- _PROBLEM DESCRIPTION_
Reproduce, unaltered, the line with "(85, -22.5, 26.5)" along with every line that follows it in the records, up to the last.

======== INFORMATION

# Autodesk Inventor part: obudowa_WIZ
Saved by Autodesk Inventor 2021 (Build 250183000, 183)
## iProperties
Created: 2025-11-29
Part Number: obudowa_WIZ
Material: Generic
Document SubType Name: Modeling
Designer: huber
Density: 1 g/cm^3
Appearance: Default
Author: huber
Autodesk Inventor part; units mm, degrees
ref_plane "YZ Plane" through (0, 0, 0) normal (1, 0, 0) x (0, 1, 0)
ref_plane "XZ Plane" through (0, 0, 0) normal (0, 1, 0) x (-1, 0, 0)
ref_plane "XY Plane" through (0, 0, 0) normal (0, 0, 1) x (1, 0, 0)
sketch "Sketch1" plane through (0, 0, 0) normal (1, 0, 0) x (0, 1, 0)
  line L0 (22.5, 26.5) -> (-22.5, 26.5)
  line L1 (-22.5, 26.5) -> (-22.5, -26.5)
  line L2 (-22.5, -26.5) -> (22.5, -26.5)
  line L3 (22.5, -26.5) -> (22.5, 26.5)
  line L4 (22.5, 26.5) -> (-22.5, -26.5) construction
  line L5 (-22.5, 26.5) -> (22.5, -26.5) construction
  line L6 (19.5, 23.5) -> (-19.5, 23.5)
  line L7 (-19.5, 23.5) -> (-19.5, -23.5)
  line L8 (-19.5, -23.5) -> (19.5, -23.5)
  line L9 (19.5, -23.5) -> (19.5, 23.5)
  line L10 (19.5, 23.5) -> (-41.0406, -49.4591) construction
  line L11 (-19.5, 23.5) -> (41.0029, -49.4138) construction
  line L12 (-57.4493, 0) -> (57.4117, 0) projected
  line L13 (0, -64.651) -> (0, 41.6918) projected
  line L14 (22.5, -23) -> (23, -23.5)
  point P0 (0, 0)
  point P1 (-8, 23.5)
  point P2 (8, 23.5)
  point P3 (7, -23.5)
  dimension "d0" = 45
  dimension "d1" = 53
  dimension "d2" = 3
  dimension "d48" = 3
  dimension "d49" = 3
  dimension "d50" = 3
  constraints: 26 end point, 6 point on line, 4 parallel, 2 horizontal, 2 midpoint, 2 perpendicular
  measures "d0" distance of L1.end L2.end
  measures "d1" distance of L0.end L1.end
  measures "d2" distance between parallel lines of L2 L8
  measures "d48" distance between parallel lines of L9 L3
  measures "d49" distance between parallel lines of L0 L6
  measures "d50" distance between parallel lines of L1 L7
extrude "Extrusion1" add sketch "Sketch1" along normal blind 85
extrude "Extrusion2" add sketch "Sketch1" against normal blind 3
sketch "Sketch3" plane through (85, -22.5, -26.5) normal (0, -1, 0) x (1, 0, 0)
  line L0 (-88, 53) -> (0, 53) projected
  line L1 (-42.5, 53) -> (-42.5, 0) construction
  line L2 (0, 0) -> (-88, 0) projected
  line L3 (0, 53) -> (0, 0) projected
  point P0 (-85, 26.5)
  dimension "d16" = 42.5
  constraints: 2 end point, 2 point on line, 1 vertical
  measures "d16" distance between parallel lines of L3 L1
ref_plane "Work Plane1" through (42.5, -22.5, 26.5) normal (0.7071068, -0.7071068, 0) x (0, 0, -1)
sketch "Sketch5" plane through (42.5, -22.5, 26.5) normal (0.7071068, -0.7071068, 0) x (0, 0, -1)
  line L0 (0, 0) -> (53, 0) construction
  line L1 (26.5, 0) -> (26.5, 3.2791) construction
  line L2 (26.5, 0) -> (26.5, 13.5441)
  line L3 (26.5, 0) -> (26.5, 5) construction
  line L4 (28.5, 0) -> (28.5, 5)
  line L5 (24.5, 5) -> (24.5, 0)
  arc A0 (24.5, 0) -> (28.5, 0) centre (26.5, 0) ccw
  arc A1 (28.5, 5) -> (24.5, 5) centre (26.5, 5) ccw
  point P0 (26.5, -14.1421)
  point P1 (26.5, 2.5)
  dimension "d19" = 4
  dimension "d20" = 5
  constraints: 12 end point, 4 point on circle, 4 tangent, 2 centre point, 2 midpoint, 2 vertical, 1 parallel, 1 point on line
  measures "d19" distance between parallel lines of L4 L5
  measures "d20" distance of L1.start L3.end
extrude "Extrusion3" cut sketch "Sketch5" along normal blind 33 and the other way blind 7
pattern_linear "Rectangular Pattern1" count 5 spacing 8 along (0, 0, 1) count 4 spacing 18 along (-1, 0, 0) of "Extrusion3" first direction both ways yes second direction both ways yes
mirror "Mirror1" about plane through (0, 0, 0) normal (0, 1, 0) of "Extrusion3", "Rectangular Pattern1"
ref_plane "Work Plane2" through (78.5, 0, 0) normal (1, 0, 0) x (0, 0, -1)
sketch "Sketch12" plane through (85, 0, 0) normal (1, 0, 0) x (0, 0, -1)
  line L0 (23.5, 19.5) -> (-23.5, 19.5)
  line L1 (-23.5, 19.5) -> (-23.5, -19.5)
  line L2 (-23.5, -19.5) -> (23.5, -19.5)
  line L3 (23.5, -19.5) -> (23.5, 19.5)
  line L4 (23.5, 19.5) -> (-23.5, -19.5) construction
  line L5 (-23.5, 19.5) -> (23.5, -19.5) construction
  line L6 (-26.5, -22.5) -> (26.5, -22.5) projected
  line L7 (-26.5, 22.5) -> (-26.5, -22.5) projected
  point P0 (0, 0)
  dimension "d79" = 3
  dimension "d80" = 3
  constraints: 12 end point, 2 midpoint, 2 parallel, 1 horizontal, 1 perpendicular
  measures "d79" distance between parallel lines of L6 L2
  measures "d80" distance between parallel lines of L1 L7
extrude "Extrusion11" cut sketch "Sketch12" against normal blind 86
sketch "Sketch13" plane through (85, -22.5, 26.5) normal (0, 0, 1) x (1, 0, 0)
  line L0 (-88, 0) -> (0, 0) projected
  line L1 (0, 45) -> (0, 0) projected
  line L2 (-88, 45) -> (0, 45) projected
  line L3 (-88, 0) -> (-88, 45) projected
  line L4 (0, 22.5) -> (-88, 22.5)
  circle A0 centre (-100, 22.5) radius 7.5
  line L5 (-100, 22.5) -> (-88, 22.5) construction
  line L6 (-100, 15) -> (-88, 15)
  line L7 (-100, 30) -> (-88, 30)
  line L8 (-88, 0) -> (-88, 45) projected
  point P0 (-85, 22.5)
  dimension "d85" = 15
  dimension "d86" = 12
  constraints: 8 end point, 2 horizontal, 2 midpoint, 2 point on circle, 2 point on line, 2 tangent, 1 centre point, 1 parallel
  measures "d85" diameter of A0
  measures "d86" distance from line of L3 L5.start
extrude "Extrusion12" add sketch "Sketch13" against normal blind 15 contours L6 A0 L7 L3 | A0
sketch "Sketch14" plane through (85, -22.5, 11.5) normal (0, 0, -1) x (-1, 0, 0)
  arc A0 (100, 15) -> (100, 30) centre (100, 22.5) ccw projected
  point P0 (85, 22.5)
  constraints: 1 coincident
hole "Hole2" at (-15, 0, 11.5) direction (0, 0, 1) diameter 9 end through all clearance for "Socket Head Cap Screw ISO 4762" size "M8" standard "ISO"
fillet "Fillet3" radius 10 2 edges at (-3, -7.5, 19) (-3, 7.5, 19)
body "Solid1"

================

- _ANSWER FOR THIS EXERCISE_
sketch "Sketch13" plane through (85, -22.5, 26.5) normal (0, 0, 1) x (1, 0, 0)
  line L0 (-88, 0) -> (0, 0) projected
  line L1 (0, 45) -> (0, 0) projected
  line L2 (-88, 45) -> (0, 45) projected
  line L3 (-88, 0) -> (-88, 45) projected
  line L4 (0, 22.5) -> (-88, 22.5)
  circle A0 centre (-100, 22.5) radius 7.5
  line L5 (-100, 22.5) -> (-88, 22.5) construction
  line L6 (-100, 15) -> (-88, 15)
  line L7 (-100, 30) -> (-88, 30)
  line L8 (-88, 0) -> (-88, 45) projected
  point P0 (-85, 22.5)
  dimension "d85" = 15
  dimension "d86" = 12
  constraints: 8 end point, 2 horizontal, 2 midpoint, 2 point on circle, 2 point on line, 2 tangent, 1 centre point, 1 parallel
  measures "d85" diameter of A0
  measures "d86" distance from line of L3 L5.start
extrude "Extrusion12" add sketch "Sketch13" against normal blind 15 contours L6 A0 L7 L3 | A0
sketch "Sketch14" plane through (85, -22.5, 11.5) normal (0, 0, -1) x (-1, 0, 0)
  arc A0 (100, 15) -> (100, 30) centre (100, 22.5) ccw projected
  point P0 (85, 22.5)
  constraints: 1 coincident
hole "Hole2" at (-15, 0, 11.5) direction (0, 0, 1) diameter 9 end through all clearance for "Socket Head Cap Screw ISO 4762" size "M8" standard "ISO"
fillet "Fillet3" radius 10 2 edges at (-3, -7.5, 19) (-3, 7.5, 19)
body "Solid1"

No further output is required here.